Codewort DU

Flame

Der Junge springt durch die Pfützen und wirft Dinge hinein, die er nicht werfen soll. Seine Schwester steht über ihrem Laufrad und schreit. Ihrer Mutter klebt das Haar an der Stirn. Sie wischt es sich aus dem jungen, schönen Gesicht. Fahl und müde wirkt es, aber der Mund darin leuchtet feuerrot. Jeden Morgen, wenn ich Flame, wie ich sie nenne, auf meinem Arbeitsweg begegne, leuchtet ihr Mund feuerrot. Voll und sinnlich sind ihre Lippen und strahlend rot.

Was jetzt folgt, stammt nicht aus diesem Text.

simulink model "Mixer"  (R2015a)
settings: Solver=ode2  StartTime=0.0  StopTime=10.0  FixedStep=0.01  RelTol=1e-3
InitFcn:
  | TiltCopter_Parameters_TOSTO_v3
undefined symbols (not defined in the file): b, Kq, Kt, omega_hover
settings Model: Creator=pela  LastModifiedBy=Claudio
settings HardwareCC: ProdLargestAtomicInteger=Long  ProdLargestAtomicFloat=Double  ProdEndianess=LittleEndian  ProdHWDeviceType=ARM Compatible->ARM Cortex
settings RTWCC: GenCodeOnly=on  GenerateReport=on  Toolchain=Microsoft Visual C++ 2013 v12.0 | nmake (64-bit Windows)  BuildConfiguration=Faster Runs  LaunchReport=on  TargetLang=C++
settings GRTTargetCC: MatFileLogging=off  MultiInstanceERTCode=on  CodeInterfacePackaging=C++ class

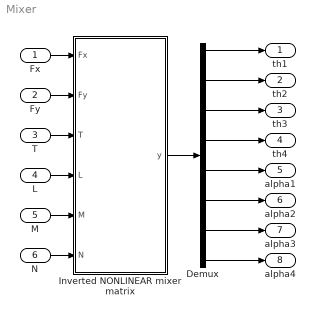
== system Mixer ==
  Fx : Inport
  Fy : Inport  Port=2
  T : Inport  Port=3
  L : Inport  Port=4
  M : Inport  Port=5
  N : Inport  Port=6
  Demux : Demux  Outputs=8
  Inverted NONLINEAR mixer matrix : MATLAB Function  TreatAsAtomicUnit=on
  th1 : Outport
  th2 : Outport  Port=2
  th3 : Outport  Port=3
  "th4 " : Outport  Port=4
  alpha1 : Outport  Port=5
  alpha2 : Outport  Port=6
  alpha3 : Outport  Port=7
  alpha4 : Outport  Port=8
  wires:
  T/1 -> Inverted NONLINEAR mixer matrix/3(T)
  M/1 -> Inverted NONLINEAR mixer matrix/5(M)
  N/1 -> Inverted NONLINEAR mixer matrix/6(N)
  Fx/1 -> Inverted NONLINEAR mixer matrix/1(Fx)
  Fy/1 -> Inverted NONLINEAR mixer matrix/2(Fy)
  L/1 -> Inverted NONLINEAR mixer matrix/4(L)
  Demux/1 -> th1/1
  Demux/2 -> th2/1
  Demux/3 -> th3/1
  Demux/4 -> "th4 "/1
  Demux/5 -> alpha1/1
  Demux/7 -> alpha3/1
  Demux/8 -> alpha4/1
  Demux/6 -> alpha2/1
  Inverted NONLINEAR mixer matrix/1(y) -> Demux/1

== matlab function Mixer/Inverted NONLINEAR mixer matrix ==
  data: Fx input; Fy input; T input; L input; M input; N input; y output; omega_hover parameter; Kt parameter; Kq parameter; b parameter
function y = fcn(Fx,Fy,T,L,M,N,omega_hover,Kt,Kq,b)
%#codegen
alpha_2 = -asin(Fx/(Kt*2*omega_hover^2));

alpha_1 = asin(Fy/(Kt*2*omega_hover^2));
alpha_3 = -alpha_1;
alpha_4 = -alpha_2;

c_alpha1 = cos(alpha_1);
s_alpha1 = sin(alpha_1);
c_alpha2 = cos(alpha_2);
s_alpha2 = sin(alpha_2);
c_alpha3 = cos(alpha_3);
s_alpha3 = sin(alpha_3);
c_alpha4 = cos(alpha_4);
s_alpha4 = sin(alpha_4);


K_inv = [ -(Kq^3*c_alpha2*s_alpha3*s_alpha4 + Kq^3*c_alpha4*s_alpha2*s_alpha3 + Kt^3*b^3*c_alpha2*c_alpha3*s_alpha4 + Kt^3*b^3*c_alpha3*c_alpha4*s_alpha2 - Kq^2*Kt*b*c_alpha2*c_alpha3*s_alpha4 + 2*Kq^2*Kt*b*c_alpha2*c_alpha4*s_alpha3 - Kq^2*Kt*b*c_alpha3*c_alpha4*s_alpha2 - 2*Kq^2*Kt*b*s_alpha2*s_alpha3*s_alpha4 - 2*Kq*Kt^2*b^2*c_alpha2*c_alpha3*c_alpha4 - Kq*Kt^2*b^2*c_alpha2*s_alpha3*s_alpha4 + 2*Kq*Kt^2*b^2*c_alpha3*s_alpha2*s_alpha4 - Kq*Kt^2*b^2*c_alpha4*s_alpha2*s_alpha3)/(2*Kt*(Kq^3*c_alpha1*c_alpha2*s_alpha3*s_alpha4 + Kq^3*c_alpha1*c_alpha4*s_alpha2*s_alpha3 + Kq^3*c_alpha2*c_alpha3*s_alpha1*s_alpha4 + Kq^3*c_alpha3*c_alpha4*s_alpha1*s_alpha2 + Kt^3*b^3*c_alpha1*c_alpha2*c_alpha3*s_alpha4 - Kt^3*b^3*c_alpha1*c_alpha2*c_alpha4*s_alpha3 + Kt^3*b^3*c_alpha1*c_alpha3*c_alpha4*s_alpha2 - Kt^3*b^3*c_alpha2*c_alpha3*c_alpha4*s_alpha1 - 4*Kq*Kt^2*b^2*c_alpha1*c_alpha2*c_alpha3*c_alpha4 - Kq*Kt^2*b^2*c_alpha1*c_alpha2*s_alpha3*s_alpha4 + 2*Kq*Kt^2*b^2*c_alpha1*c_alpha3*s_alpha2*s_alpha4 - Kq*Kt^2*b^2*c_alpha1*c_alpha4*s_alpha2*s_alpha3 - Kq*Kt^2*b^2*c_alpha2*c_alpha3*s_alpha1*s_alpha4 + 2*Kq*Kt^2*b^2*c_alpha2*c_alpha4*s_alpha1*s_alpha3 - Kq*Kt^2*b^2*c_alpha3*c_alpha4*s_alpha1*s_alpha2 - 2*Kq^2*Kt*b*c_alpha1*c_alpha2*c_alpha3*s_alpha4 + 2*Kq^2*Kt*b*c_alpha1*c_alpha2*c_alpha4*s_alpha3 - 2*Kq^2*Kt*b*c_alpha1*c_alpha3*c_alpha4*s_alpha2 + 2*Kq^2*Kt*b*c_alpha2*c_alpha3*c_alpha4*s_alpha1 - Kq^2*Kt*b*c_alpha1*s_alpha2*s_alpha3*s_alpha4 + Kq^2*Kt*b*c_alpha2*s_alpha1*s_alpha3*s_alpha4 - Kq^2*Kt*b*c_alpha3*s_alpha1*s_alpha2*s_alpha4 + Kq^2*Kt*b*c_alpha4*s_alpha1*s_alpha2*s_alpha3)),                                                                                                                                                                                                                                                            (Kt^2*b^2*c_alpha2*c_alpha3*s_alpha4 - Kt^2*b^2*c_alpha3*c_alpha4*s_alpha2 - Kq*Kt*b*c_alpha2*s_alpha3*s_alpha4 + Kq*Kt*b*c_alpha4*s_alpha2*s_alpha3)/(2*(Kq^3*c_alpha1*c_alpha2*s_alpha3*s_alpha4 + Kq^3*c_alpha1*c_alpha4*s_alpha2*s_alpha3 + Kq^3*c_alpha2*c_alpha3*s_alpha1*s_alpha4 + Kq^3*c_alpha3*c_alpha4*s_alpha1*s_alpha2 + Kt^3*b^3*c_alpha1*c_alpha2*c_alpha3*s_alpha4 - Kt^3*b^3*c_alpha1*c_alpha2*c_alpha4*s_alpha3 + Kt^3*b^3*c_alpha1*c_alpha3*c_alpha4*s_alpha2 - Kt^3*b^3*c_alpha2*c_alpha3*c_alpha4*s_alpha1 - 4*Kq*Kt^2*b^2*c_alpha1*c_alpha2*c_alpha3*c_alpha4 - Kq*Kt^2*b^2*c_alpha1*c_alpha2*s_alpha3*s_alpha4 + 2*Kq*Kt^2*b^2*c_alpha1*c_alpha3*s_alpha2*s_alpha4 - Kq*Kt^2*b^2*c_alpha1*c_alpha4*s_alpha2*s_alpha3 - Kq*Kt^2*b^2*c_alpha2*c_alpha3*s_alpha1*s_alpha4 + 2*Kq*Kt^2*b^2*c_alpha2*c_alpha4*s_alpha1*s_alpha3 - Kq*Kt^2*b^2*c_alpha3*c_alpha4*s_alpha1*s_alpha2 - 2*Kq^2*Kt*b*c_alpha1*c_alpha2*c_alpha3*s_alpha4 + 2*Kq^2*Kt*b*c_alpha1*c_alpha2*c_alpha4*s_alpha3 - 2*Kq^2*Kt*b*c_alpha1*c_alpha3*c_alpha4*s_alpha2 + 2*Kq^2*Kt*b*c_alpha2*c_alpha3*c_alpha4*s_alpha1 - Kq^2*Kt*b*c_alpha1*s_alpha2*s_alpha3*s_alpha4 + Kq^2*Kt*b*c_alpha2*s_alpha1*s_alpha3*s_alpha4 - Kq^2*Kt*b*c_alpha3*s_alpha1*s_alpha2*s_alpha4 + Kq^2*Kt*b*c_alpha4*s_alpha1*s_alpha2*s_alpha3)), -(2*Kq^2*c_alpha2*c_alpha3*s_alpha4 + 2*Kq^2*c_alpha3*c_alpha4*s_alpha2 - Kt^2*b^2*c_alpha2*c_alpha3*s_alpha4 + 2*Kt^2*b^2*c_alpha2*c_alpha4*s_alpha3 - Kt^2*b^2*c_alpha3*c_alpha4*s_alpha2 + 4*Kq*Kt*b*c_alpha2*c_alpha3*c_alpha4 + Kq*Kt*b*c_alpha2*s_alpha3*s_alpha4 - 2*Kq*Kt*b*c_alpha3*s_alpha2*s_alpha4 + Kq*Kt*b*c_alpha4*s_alpha2*s_alpha3)/(2*(Kq^3*c_alpha1*c_alpha2*s_alpha3*s_alpha4 + Kq^3*c_alpha1*c_alpha4*s_alpha2*s_alpha3 + Kq^3*c_alpha2*c_alpha3*s_alpha1*s_alpha4 + Kq^3*c_alpha3*c_alpha4*s_alpha1*s_alpha2 + Kt^3*b^3*c_alpha1*c_alpha2*c_alpha3*s_alpha4 - Kt^3*b^3*c_alpha1*c_alpha2*c_alpha4*s_alpha3 + Kt^3*b^3*c_alpha1*c_alpha3*c_alpha4*s_alpha2 - Kt^3*b^3*c_alpha2*c_alpha3*c_alpha4*s_alpha1 - 4*Kq*Kt^2*b^2*c_alpha1*c_alpha2*c_alpha3*c_alpha4 - Kq*Kt^2*b^2*c_alpha1*c_alpha2*s_alpha3*s_alpha4 + 2*Kq*Kt^2*b^2*c_alpha1*c_alpha3*s_alpha2*s_alpha4 - Kq*Kt^2*b^2*c_alpha1*c_alpha4*s_alpha2*s_alpha3 - Kq*Kt^2*b^2*c_alpha2*c_alpha3*s_alpha1*s_alpha4 + 2*Kq*Kt^2*b^2*c_alpha2*c_alpha4*s_alpha1*s_alpha3 - Kq*Kt^2*b^2*c_alpha3*c_alpha4*s_alpha1*s_alpha2 - 2*Kq^2*Kt*b*c_alpha1*c_alpha2*c_alpha3*s_alpha4 + 2*Kq^2*Kt*b*c_alpha1*c_alpha2*c_alpha4*s_alpha3 - 2*Kq^2*Kt*b*c_alpha1*c_alpha3*c_alpha4*s_alpha2 + 2*Kq^2*Kt*b*c_alpha2*c_alpha3*c_alpha4*s_alpha1 - Kq^2*Kt*b*c_alpha1*s_alpha2*s_alpha3*s_alpha4 + Kq^2*Kt*b*c_alpha2*s_alpha1*s_alpha3*s_alpha4 - Kq^2*Kt*b*c_alpha3*s_alpha1*s_alpha2*s_alpha4 + Kq^2*Kt*b*c_alpha4*s_alpha1*s_alpha2*s_alpha3)), (Kq^2*c_alpha2*s_alpha3*s_alpha4 + Kq^2*c_alpha4*s_alpha2*s_alpha3 - 2*Kt^2*b^2*c_alpha2*c_alpha3*c_alpha4 - Kq*Kt*b*c_alpha2*c_alpha3*s_alpha4 + 2*Kq*Kt*b*c_alpha2*c_alpha4*s_alpha3 - Kq*Kt*b*c_alpha3*c_alpha4*s_alpha2)/(2*(Kq^3*c_alpha1*c_alpha2*s_alpha3*s_alpha4 + Kq^3*c_alpha1*c_alpha4*s_alpha2*s_alpha3 + Kq^3*c_alpha2*c_alpha3*s_alpha1*s_alpha4 + Kq^3*c_alpha3*c_alpha4*s_alpha1*s_alpha2 + Kt^3*b^3*c_alpha1*c_alpha2*c_alpha3*s_alpha4 - Kt^3*b^3*c_alpha1*c_alpha2*c_alpha4*s_alpha3 + Kt^3*b^3*c_alpha1*c_alpha3*c_alpha4*s_alpha2 - Kt^3*b^3*c_alpha2*c_alpha3*c_alpha4*s_alpha1 - 4*Kq*Kt^2*b^2*c_alpha1*c_alpha2*c_alpha3*c_alpha4 - Kq*Kt^2*b^2*c_alpha1*c_alpha2*s_alpha3*s_alpha4 + 2*Kq*Kt^2*b^2*c_alpha1*c_alpha3*s_alpha2*s_alpha4 - Kq*Kt^2*b^2*c_alpha1*c_alpha4*s_alpha2*s_alpha3 - Kq*Kt^2*b^2*c_alpha2*c_alpha3*s_alpha1*s_alpha4 + 2*Kq*Kt^2*b^2*c_alpha2*c_alpha4*s_alpha1*s_alpha3 - Kq*Kt^2*b^2*c_alpha3*c_alpha4*s_alpha1*s_alpha2 - 2*Kq^2*Kt*b*c_alpha1*c_alpha2*c_alpha3*s_alpha4 + 2*Kq^2*Kt*b*c_alpha1*c_alpha2*c_alpha4*s_alpha3 - 2*Kq^2*Kt*b*c_alpha1*c_alpha3*c_alpha4*s_alpha2 + 2*Kq^2*Kt*b*c_alpha2*c_alpha3*c_alpha4*s_alpha1 - Kq^2*Kt*b*c_alpha1*s_alpha2*s_alpha3*s_alpha4 + Kq^2*Kt*b*c_alpha2*s_alpha1*s_alpha3*s_alpha4 - Kq^2*Kt*b*c_alpha3*s_alpha1*s_alpha2*s_alpha4 + Kq^2*Kt*b*c_alpha4*s_alpha1*s_alpha2*s_alpha3));
                                                                                                                                                                                                                                                                                                                                                                         -((Kq*s_alpha4 + Kt*b*c_alpha4)*(Kq^2*c_alpha1*s_alpha3 + Kq^2*c_alpha3*s_alpha1 - Kt^2*b^2*c_alpha1*s_alpha3 - Kt^2*b^2*c_alpha3*s_alpha1 + 2*Kq*Kt*b*s_alpha1*s_alpha3 - 2*Kq*Kt*b*c_alpha1*c_alpha3))/(2*Kt*(Kq^3*c_alpha1*c_alpha2*s_alpha3*s_alpha4 + Kq^3*c_alpha1*c_alpha4*s_alpha2*s_alpha3 + Kq^3*c_alpha2*c_alpha3*s_alpha1*s_alpha4 + Kq^3*c_alpha3*c_alpha4*s_alpha1*s_alpha2 + Kt^3*b^3*c_alpha1*c_alpha2*c_alpha3*s_alpha4 - Kt^3*b^3*c_alpha1*c_alpha2*c_alpha4*s_alpha3 + Kt^3*b^3*c_alpha1*c_alpha3*c_alpha4*s_alpha2 - Kt^3*b^3*c_alpha2*c_alpha3*c_alpha4*s_alpha1 - 4*Kq*Kt^2*b^2*c_alpha1*c_alpha2*c_alpha3*c_alpha4 - Kq*Kt^2*b^2*c_alpha1*c_alpha2*s_alpha3*s_alpha4 + 2*Kq*Kt^2*b^2*c_alpha1*c_alpha3*s_alpha2*s_alpha4 - Kq*Kt^2*b^2*c_alpha1*c_alpha4*s_alpha2*s_alpha3 - Kq*Kt^2*b^2*c_alpha2*c_alpha3*s_alpha1*s_alpha4 + 2*Kq*Kt^2*b^2*c_alpha2*c_alpha4*s_alpha1*s_alpha3 - Kq*Kt^2*b^2*c_alpha3*c_alpha4*s_alpha1*s_alpha2 - 2*Kq^2*Kt*b*c_alpha1*c_alpha2*c_alpha3*s_alpha4 + 2*Kq^2*Kt*b*c_alpha1*c_alpha2*c_alpha4*s_alpha3 - 2*Kq^2*Kt*b*c_alpha1*c_alpha3*c_alpha4*s_alpha2 + 2*Kq^2*Kt*b*c_alpha2*c_alpha3*c_alpha4*s_alpha1 - Kq^2*Kt*b*c_alpha1*s_alpha2*s_alpha3*s_alpha4 + Kq^2*Kt*b*c_alpha2*s_alpha1*s_alpha3*s_alpha4 - Kq^2*Kt*b*c_alpha3*s_alpha1*s_alpha2*s_alpha4 + Kq^2*Kt*b*c_alpha4*s_alpha1*s_alpha2*s_alpha3)),  (Kt^2*b^2*c_alpha1*c_alpha4*s_alpha3 - 2*Kq^2*c_alpha3*c_alpha4*s_alpha1 - 2*Kt^2*b^2*c_alpha1*c_alpha3*s_alpha4 - 2*Kq^2*c_alpha1*c_alpha4*s_alpha3 + Kt^2*b^2*c_alpha3*c_alpha4*s_alpha1 + 4*Kq*Kt*b*c_alpha1*c_alpha3*c_alpha4 + Kq*Kt*b*c_alpha1*s_alpha3*s_alpha4 + Kq*Kt*b*c_alpha3*s_alpha1*s_alpha4 - 2*Kq*Kt*b*c_alpha4*s_alpha1*s_alpha3)/(2*(Kq^3*c_alpha1*c_alpha2*s_alpha3*s_alpha4 + Kq^3*c_alpha1*c_alpha4*s_alpha2*s_alpha3 + Kq^3*c_alpha2*c_alpha3*s_alpha1*s_alpha4 + Kq^3*c_alpha3*c_alpha4*s_alpha1*s_alpha2 + Kt^3*b^3*c_alpha1*c_alpha2*c_alpha3*s_alpha4 - Kt^3*b^3*c_alpha1*c_alpha2*c_alpha4*s_alpha3 + Kt^3*b^3*c_alpha1*c_alpha3*c_alpha4*s_alpha2 - Kt^3*b^3*c_alpha2*c_alpha3*c_alpha4*s_alpha1 - 4*Kq*Kt^2*b^2*c_alpha1*c_alpha2*c_alpha3*c_alpha4 - Kq*Kt^2*b^2*c_alpha1*c_alpha2*s_alpha3*s_alpha4 + 2*Kq*Kt^2*b^2*c_alpha1*c_alpha3*s_alpha2*s_alpha4 - Kq*Kt^2*b^2*c_alpha1*c_alpha4*s_alpha2*s_alpha3 - Kq*Kt^2*b^2*c_alpha2*c_alpha3*s_alpha1*s_alpha4 + 2*Kq*Kt^2*b^2*c_alpha2*c_alpha4*s_alpha1*s_alpha3 - Kq*Kt^2*b^2*c_alpha3*c_alpha4*s_alpha1*s_alpha2 - 2*Kq^2*Kt*b*c_alpha1*c_alpha2*c_alpha3*s_alpha4 + 2*Kq^2*Kt*b*c_alpha1*c_alpha2*c_alpha4*s_alpha3 - 2*Kq^2*Kt*b*c_alpha1*c_alpha3*c_alpha4*s_alpha2 + 2*Kq^2*Kt*b*c_alpha2*c_alpha3*c_alpha4*s_alpha1 - Kq^2*Kt*b*c_alpha1*s_alpha2*s_alpha3*s_alpha4 + Kq^2*Kt*b*c_alpha2*s_alpha1*s_alpha3*s_alpha4 - Kq^2*Kt*b*c_alpha3*s_alpha1*s_alpha2*s_alpha4 + Kq^2*Kt*b*c_alpha4*s_alpha1*s_alpha2*s_alpha3)),                                                                                                                                                                                                                                                                                                                                                        ((Kt*b*c_alpha1*s_alpha3 - Kt*b*c_alpha3*s_alpha1)*(Kq*s_alpha4 + Kt*b*c_alpha4))/(2*(Kq^3*c_alpha1*c_alpha2*s_alpha3*s_alpha4 + Kq^3*c_alpha1*c_alpha4*s_alpha2*s_alpha3 + Kq^3*c_alpha2*c_alpha3*s_alpha1*s_alpha4 + Kq^3*c_alpha3*c_alpha4*s_alpha1*s_alpha2 + Kt^3*b^3*c_alpha1*c_alpha2*c_alpha3*s_alpha4 - Kt^3*b^3*c_alpha1*c_alpha2*c_alpha4*s_alpha3 + Kt^3*b^3*c_alpha1*c_alpha3*c_alpha4*s_alpha2 - Kt^3*b^3*c_alpha2*c_alpha3*c_alpha4*s_alpha1 - 4*Kq*Kt^2*b^2*c_alpha1*c_alpha2*c_alpha3*c_alpha4 - Kq*Kt^2*b^2*c_alpha1*c_alpha2*s_alpha3*s_alpha4 + 2*Kq*Kt^2*b^2*c_alpha1*c_alpha3*s_alpha2*s_alpha4 - Kq*Kt^2*b^2*c_alpha1*c_alpha4*s_alpha2*s_alpha3 - Kq*Kt^2*b^2*c_alpha2*c_alpha3*s_alpha1*s_alpha4 + 2*Kq*Kt^2*b^2*c_alpha2*c_alpha4*s_alpha1*s_alpha3 - Kq*Kt^2*b^2*c_alpha3*c_alpha4*s_alpha1*s_alpha2 - 2*Kq^2*Kt*b*c_alpha1*c_alpha2*c_alpha3*s_alpha4 + 2*Kq^2*Kt*b*c_alpha1*c_alpha2*c_alpha4*s_alpha3 - 2*Kq^2*Kt*b*c_alpha1*c_alpha3*c_alpha4*s_alpha2 + 2*Kq^2*Kt*b*c_alpha2*c_alpha3*c_alpha4*s_alpha1 - Kq^2*Kt*b*c_alpha1*s_alpha2*s_alpha3*s_alpha4 + Kq^2*Kt*b*c_alpha2*s_alpha1*s_alpha3*s_alpha4 - Kq^2*Kt*b*c_alpha3*s_alpha1*s_alpha2*s_alpha4 + Kq^2*Kt*b*c_alpha4*s_alpha1*s_alpha2*s_alpha3)),                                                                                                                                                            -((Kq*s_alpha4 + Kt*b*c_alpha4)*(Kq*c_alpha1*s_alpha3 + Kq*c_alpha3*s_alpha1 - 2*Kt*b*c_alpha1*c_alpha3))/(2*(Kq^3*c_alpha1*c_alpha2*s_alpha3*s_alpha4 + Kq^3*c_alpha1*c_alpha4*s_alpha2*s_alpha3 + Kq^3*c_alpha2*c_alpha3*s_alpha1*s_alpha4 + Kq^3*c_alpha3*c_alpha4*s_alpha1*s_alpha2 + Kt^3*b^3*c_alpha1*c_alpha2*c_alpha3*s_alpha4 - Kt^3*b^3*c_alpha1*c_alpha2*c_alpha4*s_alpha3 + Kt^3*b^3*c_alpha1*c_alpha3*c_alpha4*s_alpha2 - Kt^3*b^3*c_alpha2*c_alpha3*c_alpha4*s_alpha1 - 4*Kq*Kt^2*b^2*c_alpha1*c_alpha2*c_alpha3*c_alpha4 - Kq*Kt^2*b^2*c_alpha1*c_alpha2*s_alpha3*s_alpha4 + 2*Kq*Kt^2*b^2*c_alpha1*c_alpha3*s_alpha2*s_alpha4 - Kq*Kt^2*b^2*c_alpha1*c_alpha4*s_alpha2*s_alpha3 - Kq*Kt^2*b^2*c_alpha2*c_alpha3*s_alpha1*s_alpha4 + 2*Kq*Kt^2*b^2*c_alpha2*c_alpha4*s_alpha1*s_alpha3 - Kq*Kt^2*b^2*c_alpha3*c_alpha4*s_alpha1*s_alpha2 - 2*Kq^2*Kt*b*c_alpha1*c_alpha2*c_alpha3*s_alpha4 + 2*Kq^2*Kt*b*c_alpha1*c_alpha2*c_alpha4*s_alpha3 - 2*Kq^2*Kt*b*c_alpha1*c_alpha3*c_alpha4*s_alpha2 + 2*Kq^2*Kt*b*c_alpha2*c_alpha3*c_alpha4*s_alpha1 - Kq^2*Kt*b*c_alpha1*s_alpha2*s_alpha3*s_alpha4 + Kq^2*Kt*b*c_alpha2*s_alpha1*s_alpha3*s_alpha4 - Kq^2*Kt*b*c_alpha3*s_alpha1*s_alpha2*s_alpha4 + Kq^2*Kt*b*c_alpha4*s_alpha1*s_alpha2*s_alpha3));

Trotzig ruft der Wundermund in Emmas Richtung: „Dann bleib halt stehen!“

Emma steht und schreit nach ihrer Mutter. Ihr Bruder rennt durch die Pfützen, dass es spritzt. Er rennt in Richtung der Straße. Flame muss auch rennen, ihr Sohn ist sehr schnell. Gerade noch rechtzeitig holt sie ihn ein und reißt ihn an der Schulter von der Fahrbahn zurück. Niklas fällt hin und weint. Emma steht im Regen über ihrem Laufrad und schreit. Flame klemmt sich Niklas unter den Arm. Sie schleppt ihn zu der Pfütze in der seine Mütze und sein Rucksack schwimmen, angelt beides heraus, hängt es sich an ihr Handgelenk, von wo aus Tropfen schwarz auf ihre helle Jeans kleckern und zieht so weiter zu Emma. Mit ihrem freien Arm hebt sie das Mädchen von seinem Laufrad, stellt Emma auf dem Gehweg ab, nimmt das Fahrzeug und lehnt es an eine Laterne. Jetzt klemmt sie sich auch ihre schreiende Tochter unter den Arm und hievt ihr lebendiges Gepäck in Richtung des Kindergartens.

Jeden Morgen hoffe ich auf einen Engel für Flame. Heute auf einen, der einen Polizeikonvoi auftauchen lässt, eine Feuerwehr oder das größte Müllauto der Stadt, so dass Emma und Niklas begeistert aus dem Griff ihrer Mutter rutschen und gar nicht merken, wie sie auf eigenen Beinen durch den Regen laufen, vorbei an Flames feurigem Rot, bis zum Kindergarten.